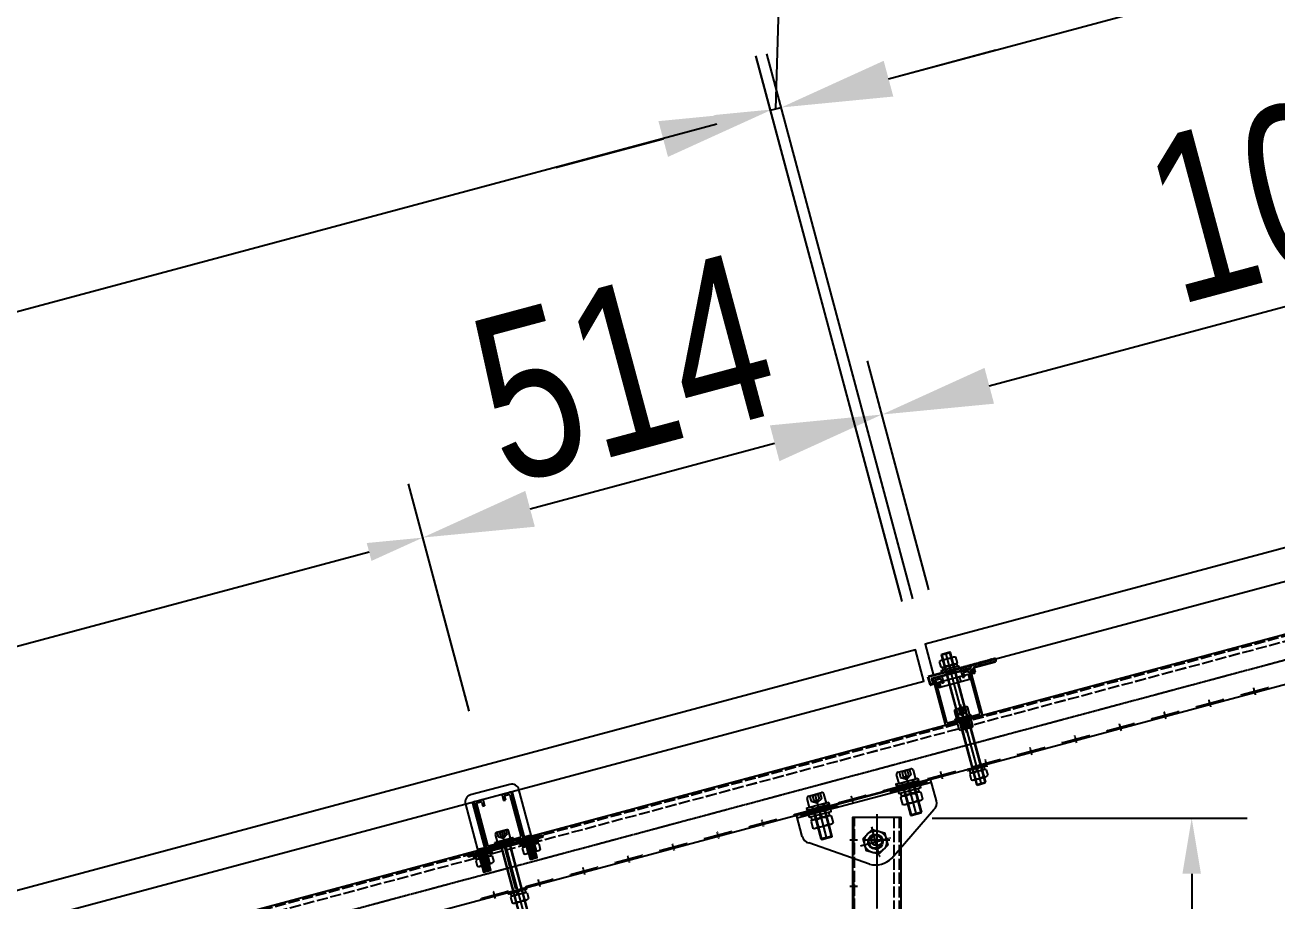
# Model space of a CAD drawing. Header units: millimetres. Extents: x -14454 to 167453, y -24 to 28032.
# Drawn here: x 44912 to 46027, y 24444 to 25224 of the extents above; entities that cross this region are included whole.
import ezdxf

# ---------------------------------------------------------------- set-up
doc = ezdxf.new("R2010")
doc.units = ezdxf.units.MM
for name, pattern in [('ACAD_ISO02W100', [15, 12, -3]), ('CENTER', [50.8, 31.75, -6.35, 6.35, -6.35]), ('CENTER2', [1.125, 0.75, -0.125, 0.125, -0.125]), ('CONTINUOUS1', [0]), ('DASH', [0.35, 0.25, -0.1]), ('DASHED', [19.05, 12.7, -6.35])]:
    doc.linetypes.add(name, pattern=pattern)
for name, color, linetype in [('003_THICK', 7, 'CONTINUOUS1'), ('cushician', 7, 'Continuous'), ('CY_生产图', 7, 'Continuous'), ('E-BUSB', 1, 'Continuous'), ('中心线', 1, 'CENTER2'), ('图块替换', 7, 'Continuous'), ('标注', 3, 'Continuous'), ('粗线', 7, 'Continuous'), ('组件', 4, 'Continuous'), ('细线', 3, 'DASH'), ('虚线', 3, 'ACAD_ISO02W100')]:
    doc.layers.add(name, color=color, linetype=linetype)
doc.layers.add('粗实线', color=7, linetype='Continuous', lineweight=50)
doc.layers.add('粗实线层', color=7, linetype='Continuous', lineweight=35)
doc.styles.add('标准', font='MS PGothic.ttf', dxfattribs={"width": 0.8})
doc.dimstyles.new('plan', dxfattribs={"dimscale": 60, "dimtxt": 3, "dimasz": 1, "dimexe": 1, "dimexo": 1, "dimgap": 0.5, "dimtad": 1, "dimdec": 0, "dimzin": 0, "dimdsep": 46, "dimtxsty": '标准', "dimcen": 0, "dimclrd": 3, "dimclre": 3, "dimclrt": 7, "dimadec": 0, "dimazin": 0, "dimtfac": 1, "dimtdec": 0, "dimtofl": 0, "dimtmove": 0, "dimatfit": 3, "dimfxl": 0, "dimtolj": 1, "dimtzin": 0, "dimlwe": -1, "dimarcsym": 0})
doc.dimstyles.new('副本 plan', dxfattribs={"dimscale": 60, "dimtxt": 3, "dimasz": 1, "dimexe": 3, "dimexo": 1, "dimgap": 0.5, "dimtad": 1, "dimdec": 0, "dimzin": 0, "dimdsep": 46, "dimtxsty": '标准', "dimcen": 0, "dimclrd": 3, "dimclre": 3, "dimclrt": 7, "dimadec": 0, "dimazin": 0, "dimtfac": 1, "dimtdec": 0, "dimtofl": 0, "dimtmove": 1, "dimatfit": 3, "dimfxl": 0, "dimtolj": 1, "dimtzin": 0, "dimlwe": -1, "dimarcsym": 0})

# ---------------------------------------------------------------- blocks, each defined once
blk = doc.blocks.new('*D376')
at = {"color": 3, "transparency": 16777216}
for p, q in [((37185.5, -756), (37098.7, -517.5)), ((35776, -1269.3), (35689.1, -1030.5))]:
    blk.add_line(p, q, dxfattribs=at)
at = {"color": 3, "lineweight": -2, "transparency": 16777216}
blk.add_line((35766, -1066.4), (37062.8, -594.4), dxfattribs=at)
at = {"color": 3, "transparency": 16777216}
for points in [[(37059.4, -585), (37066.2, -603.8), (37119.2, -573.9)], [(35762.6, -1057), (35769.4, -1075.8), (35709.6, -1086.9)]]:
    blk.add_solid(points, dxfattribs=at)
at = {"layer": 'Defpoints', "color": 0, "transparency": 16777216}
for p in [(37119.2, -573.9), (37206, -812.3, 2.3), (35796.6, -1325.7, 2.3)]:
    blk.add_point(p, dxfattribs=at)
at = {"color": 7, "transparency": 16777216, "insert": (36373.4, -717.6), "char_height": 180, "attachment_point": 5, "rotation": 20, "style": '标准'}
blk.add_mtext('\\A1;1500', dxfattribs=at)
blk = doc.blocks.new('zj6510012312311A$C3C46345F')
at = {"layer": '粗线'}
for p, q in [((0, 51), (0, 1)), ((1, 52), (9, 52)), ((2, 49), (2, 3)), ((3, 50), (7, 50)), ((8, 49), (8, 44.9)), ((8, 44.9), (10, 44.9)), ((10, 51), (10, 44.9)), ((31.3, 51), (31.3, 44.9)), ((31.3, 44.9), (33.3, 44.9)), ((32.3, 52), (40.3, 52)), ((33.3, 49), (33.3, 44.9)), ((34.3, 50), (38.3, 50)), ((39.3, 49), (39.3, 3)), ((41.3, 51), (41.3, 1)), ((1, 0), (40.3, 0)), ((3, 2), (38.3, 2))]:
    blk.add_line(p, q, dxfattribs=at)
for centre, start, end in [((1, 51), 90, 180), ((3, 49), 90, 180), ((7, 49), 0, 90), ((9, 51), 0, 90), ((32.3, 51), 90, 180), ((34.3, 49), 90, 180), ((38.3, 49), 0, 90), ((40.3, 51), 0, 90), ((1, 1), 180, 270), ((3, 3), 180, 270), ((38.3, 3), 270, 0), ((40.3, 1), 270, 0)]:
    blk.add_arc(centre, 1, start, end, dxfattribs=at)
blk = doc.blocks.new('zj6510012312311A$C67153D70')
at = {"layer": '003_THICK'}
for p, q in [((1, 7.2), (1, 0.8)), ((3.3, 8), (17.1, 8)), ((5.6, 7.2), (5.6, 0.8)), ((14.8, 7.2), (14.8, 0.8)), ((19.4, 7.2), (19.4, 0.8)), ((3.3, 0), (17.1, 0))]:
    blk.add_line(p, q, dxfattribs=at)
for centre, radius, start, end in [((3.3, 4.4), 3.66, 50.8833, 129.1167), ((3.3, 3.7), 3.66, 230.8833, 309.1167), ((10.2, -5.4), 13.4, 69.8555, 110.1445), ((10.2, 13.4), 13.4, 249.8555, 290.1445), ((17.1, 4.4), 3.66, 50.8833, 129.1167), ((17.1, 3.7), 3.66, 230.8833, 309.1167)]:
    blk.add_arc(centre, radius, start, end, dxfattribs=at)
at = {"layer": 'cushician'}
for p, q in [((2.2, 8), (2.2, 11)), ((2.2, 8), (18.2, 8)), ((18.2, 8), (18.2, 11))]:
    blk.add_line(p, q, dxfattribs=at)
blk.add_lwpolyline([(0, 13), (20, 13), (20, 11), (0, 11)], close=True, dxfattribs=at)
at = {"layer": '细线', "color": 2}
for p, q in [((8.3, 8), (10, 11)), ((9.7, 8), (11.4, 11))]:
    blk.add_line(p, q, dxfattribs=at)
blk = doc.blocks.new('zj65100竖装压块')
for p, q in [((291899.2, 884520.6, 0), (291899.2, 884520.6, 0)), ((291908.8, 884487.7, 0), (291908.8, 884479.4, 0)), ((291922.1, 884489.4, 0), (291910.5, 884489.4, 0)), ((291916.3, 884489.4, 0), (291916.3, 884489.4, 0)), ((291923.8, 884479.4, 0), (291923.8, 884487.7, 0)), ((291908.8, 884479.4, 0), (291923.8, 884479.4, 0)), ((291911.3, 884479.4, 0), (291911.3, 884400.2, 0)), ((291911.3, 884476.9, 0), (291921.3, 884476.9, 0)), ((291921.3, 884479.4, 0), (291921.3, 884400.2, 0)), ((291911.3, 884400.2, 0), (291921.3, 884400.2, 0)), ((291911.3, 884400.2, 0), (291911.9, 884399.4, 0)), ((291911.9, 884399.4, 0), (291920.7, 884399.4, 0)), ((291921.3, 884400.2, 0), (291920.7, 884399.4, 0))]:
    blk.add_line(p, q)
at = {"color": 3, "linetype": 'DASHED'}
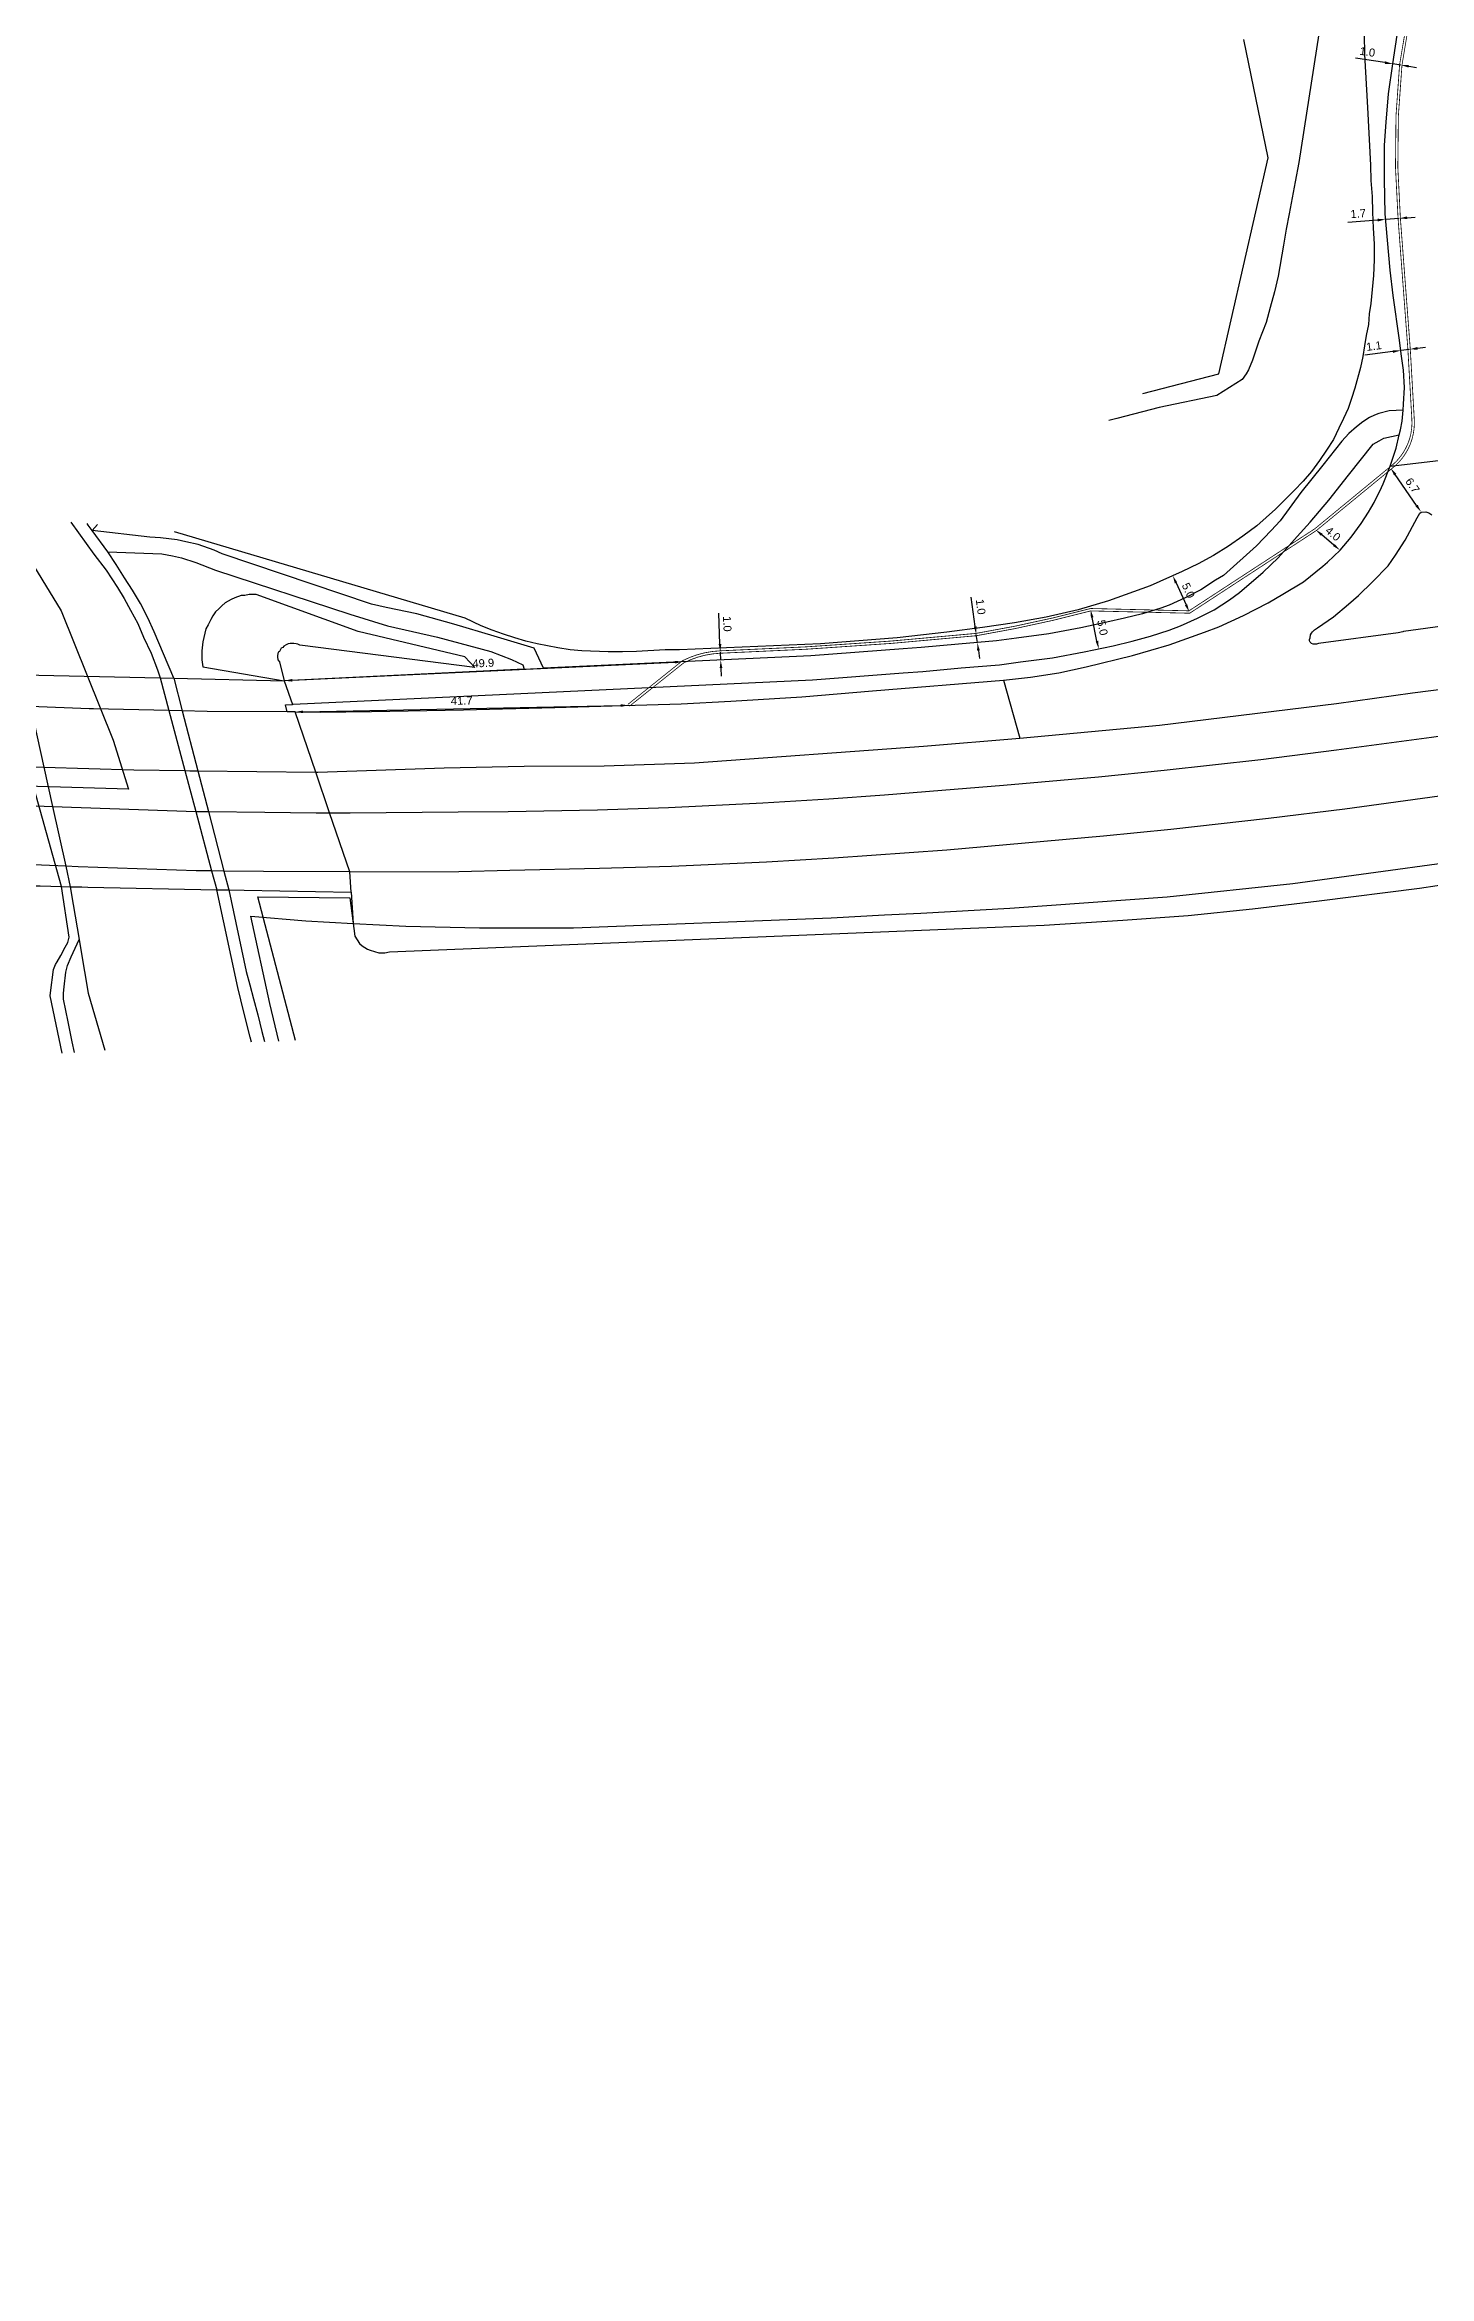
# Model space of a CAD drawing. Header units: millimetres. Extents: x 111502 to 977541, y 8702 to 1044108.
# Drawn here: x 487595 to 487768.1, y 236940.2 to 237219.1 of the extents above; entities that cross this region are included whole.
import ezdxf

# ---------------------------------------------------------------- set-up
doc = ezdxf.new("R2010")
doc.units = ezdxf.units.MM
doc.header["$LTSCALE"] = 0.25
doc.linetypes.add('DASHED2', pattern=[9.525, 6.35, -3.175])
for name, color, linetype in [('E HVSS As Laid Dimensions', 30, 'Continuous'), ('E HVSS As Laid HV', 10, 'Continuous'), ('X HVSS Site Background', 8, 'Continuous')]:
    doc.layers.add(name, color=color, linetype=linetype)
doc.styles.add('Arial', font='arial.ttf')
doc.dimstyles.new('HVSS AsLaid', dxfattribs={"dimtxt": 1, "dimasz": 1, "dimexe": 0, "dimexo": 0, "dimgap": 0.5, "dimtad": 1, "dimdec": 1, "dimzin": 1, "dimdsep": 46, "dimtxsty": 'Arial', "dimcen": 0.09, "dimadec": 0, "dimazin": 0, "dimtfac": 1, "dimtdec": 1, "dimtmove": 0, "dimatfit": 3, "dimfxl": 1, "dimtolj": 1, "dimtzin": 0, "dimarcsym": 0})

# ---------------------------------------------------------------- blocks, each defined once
..............................
◆ WORK TO COMPLETE ◆
The line with "for name, pattern" marks the end: restate word for word every line from the top of the data through that one, omitting pictures.

◆ ANSWER SPACE ◆
# Model space of a CAD drawing. Header units: millimetres. Extents: x -14454 to 167453, y -24 to 28032.
# Drawn here: x 44912 to 46027, y 24444 to 25224 of the extents above; entities that cross this region are included whole.
import ezdxf

# ---------------------------------------------------------------- set-up
doc = ezdxf.new("R2010")
doc.units = ezdxf.units.MM
for name, pattern in [('ACAD_ISO02W100', [15, 12, -3]), ('CENTER', [50.8, 31.75, -6.35, 6.35, -6.35]), ('CENTER2', [1.125, 0.75, -0.125, 0.125, -0.125]), ('CONTINUOUS1', [0]), ('DASH', [0.35, 0.25, -0.1]), ('DASHED', [19.05, 12.7, -6.35])]:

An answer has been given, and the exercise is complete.